▸ TO DO
Retype the entries below word for word, leaving out every picture.

(THE INPUT)

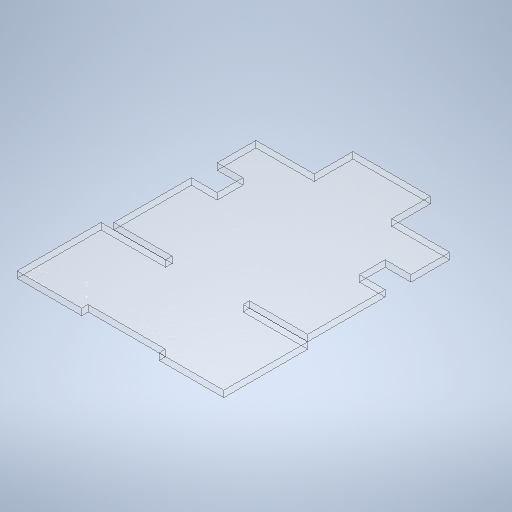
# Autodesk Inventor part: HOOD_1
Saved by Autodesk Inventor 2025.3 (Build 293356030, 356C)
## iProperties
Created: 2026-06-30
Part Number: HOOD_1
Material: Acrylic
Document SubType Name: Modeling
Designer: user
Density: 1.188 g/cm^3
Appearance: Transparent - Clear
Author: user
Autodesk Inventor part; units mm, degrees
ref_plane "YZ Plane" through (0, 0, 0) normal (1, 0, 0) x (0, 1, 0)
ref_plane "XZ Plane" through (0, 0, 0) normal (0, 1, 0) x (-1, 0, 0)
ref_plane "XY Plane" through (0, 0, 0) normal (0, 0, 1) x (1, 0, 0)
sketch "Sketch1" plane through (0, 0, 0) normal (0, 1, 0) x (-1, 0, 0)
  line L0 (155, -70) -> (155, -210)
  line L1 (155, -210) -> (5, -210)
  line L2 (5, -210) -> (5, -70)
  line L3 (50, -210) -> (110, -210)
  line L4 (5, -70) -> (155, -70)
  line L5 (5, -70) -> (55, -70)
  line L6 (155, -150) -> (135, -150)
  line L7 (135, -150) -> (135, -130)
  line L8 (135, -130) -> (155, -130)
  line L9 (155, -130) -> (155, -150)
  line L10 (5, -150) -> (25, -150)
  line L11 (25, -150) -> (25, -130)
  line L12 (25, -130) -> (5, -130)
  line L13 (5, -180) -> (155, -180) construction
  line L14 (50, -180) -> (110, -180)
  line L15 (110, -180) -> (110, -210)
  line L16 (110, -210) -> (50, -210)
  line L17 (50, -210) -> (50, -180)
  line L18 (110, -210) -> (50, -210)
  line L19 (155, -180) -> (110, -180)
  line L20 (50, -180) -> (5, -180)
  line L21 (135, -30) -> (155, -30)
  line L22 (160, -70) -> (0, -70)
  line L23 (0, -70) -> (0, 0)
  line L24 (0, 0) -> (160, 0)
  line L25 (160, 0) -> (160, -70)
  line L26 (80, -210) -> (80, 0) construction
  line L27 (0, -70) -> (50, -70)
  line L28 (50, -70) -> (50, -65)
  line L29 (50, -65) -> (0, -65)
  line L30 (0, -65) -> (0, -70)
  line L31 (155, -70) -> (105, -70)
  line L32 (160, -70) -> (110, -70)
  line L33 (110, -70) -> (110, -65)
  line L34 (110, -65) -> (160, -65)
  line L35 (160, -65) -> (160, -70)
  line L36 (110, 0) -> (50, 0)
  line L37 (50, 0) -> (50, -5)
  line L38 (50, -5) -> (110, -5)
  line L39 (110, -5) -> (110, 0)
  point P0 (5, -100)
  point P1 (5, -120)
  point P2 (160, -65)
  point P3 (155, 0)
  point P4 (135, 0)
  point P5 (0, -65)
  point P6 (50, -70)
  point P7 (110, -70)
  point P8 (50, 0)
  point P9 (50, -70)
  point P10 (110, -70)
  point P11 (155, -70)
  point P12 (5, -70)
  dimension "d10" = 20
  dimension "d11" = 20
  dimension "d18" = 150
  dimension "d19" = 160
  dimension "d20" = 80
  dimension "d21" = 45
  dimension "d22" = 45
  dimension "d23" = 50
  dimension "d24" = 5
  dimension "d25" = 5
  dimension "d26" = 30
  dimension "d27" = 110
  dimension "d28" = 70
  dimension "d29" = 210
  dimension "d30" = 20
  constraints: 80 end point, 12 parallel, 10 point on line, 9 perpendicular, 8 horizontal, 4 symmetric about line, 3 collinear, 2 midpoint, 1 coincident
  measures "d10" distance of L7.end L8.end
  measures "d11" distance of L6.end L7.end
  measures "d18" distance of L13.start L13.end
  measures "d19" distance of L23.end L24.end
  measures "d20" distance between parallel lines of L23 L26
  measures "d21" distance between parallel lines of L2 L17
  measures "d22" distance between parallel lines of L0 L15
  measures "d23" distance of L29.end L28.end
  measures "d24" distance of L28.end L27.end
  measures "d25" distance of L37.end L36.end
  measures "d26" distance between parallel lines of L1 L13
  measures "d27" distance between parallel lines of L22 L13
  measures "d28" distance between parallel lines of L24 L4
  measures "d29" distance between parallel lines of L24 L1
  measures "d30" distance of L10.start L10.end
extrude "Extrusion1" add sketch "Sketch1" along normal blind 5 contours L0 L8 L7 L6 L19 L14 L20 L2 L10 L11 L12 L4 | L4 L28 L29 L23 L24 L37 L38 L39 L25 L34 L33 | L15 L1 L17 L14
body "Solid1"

(End THE INPUT)

▸ YOUR RESPONSE
# Autodesk Inventor part: HOOD_1
Saved by Autodesk Inventor 2025.3 (Build 293356030, 356C)
## iProperties
Created: 2026-06-30
Part Number: HOOD_1
Material: Acrylic
Document SubType Name: Modeling
Designer: user
Density: 1.188 g/cm^3
Appearance: Transparent - Clear
Author: user
Autodesk Inventor part; units mm, degrees
ref_plane "YZ Plane" through (0, 0, 0) normal (1, 0, 0) x (0, 1, 0)
ref_plane "XZ Plane" through (0, 0, 0) normal (0, 1, 0) x (-1, 0, 0)
ref_plane "XY Plane" through (0, 0, 0) normal (0, 0, 1) x (1, 0, 0)
sketch "Sketch1" plane through (0, 0, 0) normal (0, 1, 0) x (-1, 0, 0)
  line L0 (155, -70) -> (155, -210)
  line L1 (155, -210) -> (5, -210)
  line L2 (5, -210) -> (5, -70)
  line L3 (50, -210) -> (110, -210)
  line L4 (5, -70) -> (155, -70)
  line L5 (5, -70) -> (55, -70)
  line L6 (155, -150) -> (135, -150)
  line L7 (135, -150) -> (135, -130)
  line L8 (135, -130) -> (155, -130)
  line L9 (155, -130) -> (155, -150)
  line L10 (5, -150) -> (25, -150)
  line L11 (25, -150) -> (25, -130)
  line L12 (25, -130) -> (5, -130)
  line L13 (5, -180) -> (155, -180) construction
  line L14 (50, -180) -> (110, -180)
  line L15 (110, -180) -> (110, -210)
  line L16 (110, -210) -> (50, -210)
  line L17 (50, -210) -> (50, -180)
  line L18 (110, -210) -> (50, -210)
  line L19 (155, -180) -> (110, -180)
  line L20 (50, -180) -> (5, -180)
  line L21 (135, -30) -> (155, -30)
  line L22 (160, -70) -> (0, -70)
  line L23 (0, -70) -> (0, 0)
  line L24 (0, 0) -> (160, 0)
  line L25 (160, 0) -> (160, -70)
  line L26 (80, -210) -> (80, 0) construction
  line L27 (0, -70) -> (50, -70)
  line L28 (50, -70) -> (50, -65)
  line L29 (50, -65) -> (0, -65)
  line L30 (0, -65) -> (0, -70)
  line L31 (155, -70) -> (105, -70)
  line L32 (160, -70) -> (110, -70)
  line L33 (110, -70) -> (110, -65)
  line L34 (110, -65) -> (160, -65)
  line L35 (160, -65) -> (160, -70)
  line L36 (110, 0) -> (50, 0)
  line L37 (50, 0) -> (50, -5)
  line L38 (50, -5) -> (110, -5)
  line L39 (110, -5) -> (110, 0)
  point P0 (5, -100)
  point P1 (5, -120)
  point P2 (160, -65)
  point P3 (155, 0)
  point P4 (135, 0)
  point P5 (0, -65)
  point P6 (50, -70)
  point P7 (110, -70)
  point P8 (50, 0)
  point P9 (50, -70)
  point P10 (110, -70)
  point P11 (155, -70)
  point P12 (5, -70)
  dimension "d10" = 20
  dimension "d11" = 20
  dimension "d18" = 150
  dimension "d19" = 160
  dimension "d20" = 80
  dimension "d21" = 45
  dimension "d22" = 45
  dimension "d23" = 50
  dimension "d24" = 5
  dimension "d25" = 5
  dimension "d26" = 30
  dimension "d27" = 110
  dimension "d28" = 70
  dimension "d29" = 210
  dimension "d30" = 20
  constraints: 80 end point, 12 parallel, 10 point on line, 9 perpendicular, 8 horizontal, 4 symmetric about line, 3 collinear, 2 midpoint, 1 coincident
  measures "d10" distance of L7.end L8.end
  measures "d11" distance of L6.end L7.end
  measures "d18" distance of L13.start L13.end
  measures "d19" distance of L23.end L24.end
  measures "d20" distance between parallel lines of L23 L26
  measures "d21" distance between parallel lines of L2 L17
  measures "d22" distance between parallel lines of L0 L15
  measures "d23" distance of L29.end L28.end
  measures "d24" distance of L28.end L27.end
  measures "d25" distance of L37.end L36.end
  measures "d26" distance between parallel lines of L1 L13
  measures "d27" distance between parallel lines of L22 L13
  measures "d28" distance between parallel lines of L24 L4
  measures "d29" distance between parallel lines of L24 L1
  measures "d30" distance of L10.start L10.end
extrude "Extrusion1" add sketch "Sketch1" along normal blind 5 contours L0 L8 L7 L6 L19 L14 L20 L2 L10 L11 L12 L4 | L4 L28 L29 L23 L24 L37 L38 L39 L25 L34 L33 | L15 L1 L17 L14
body "Solid1"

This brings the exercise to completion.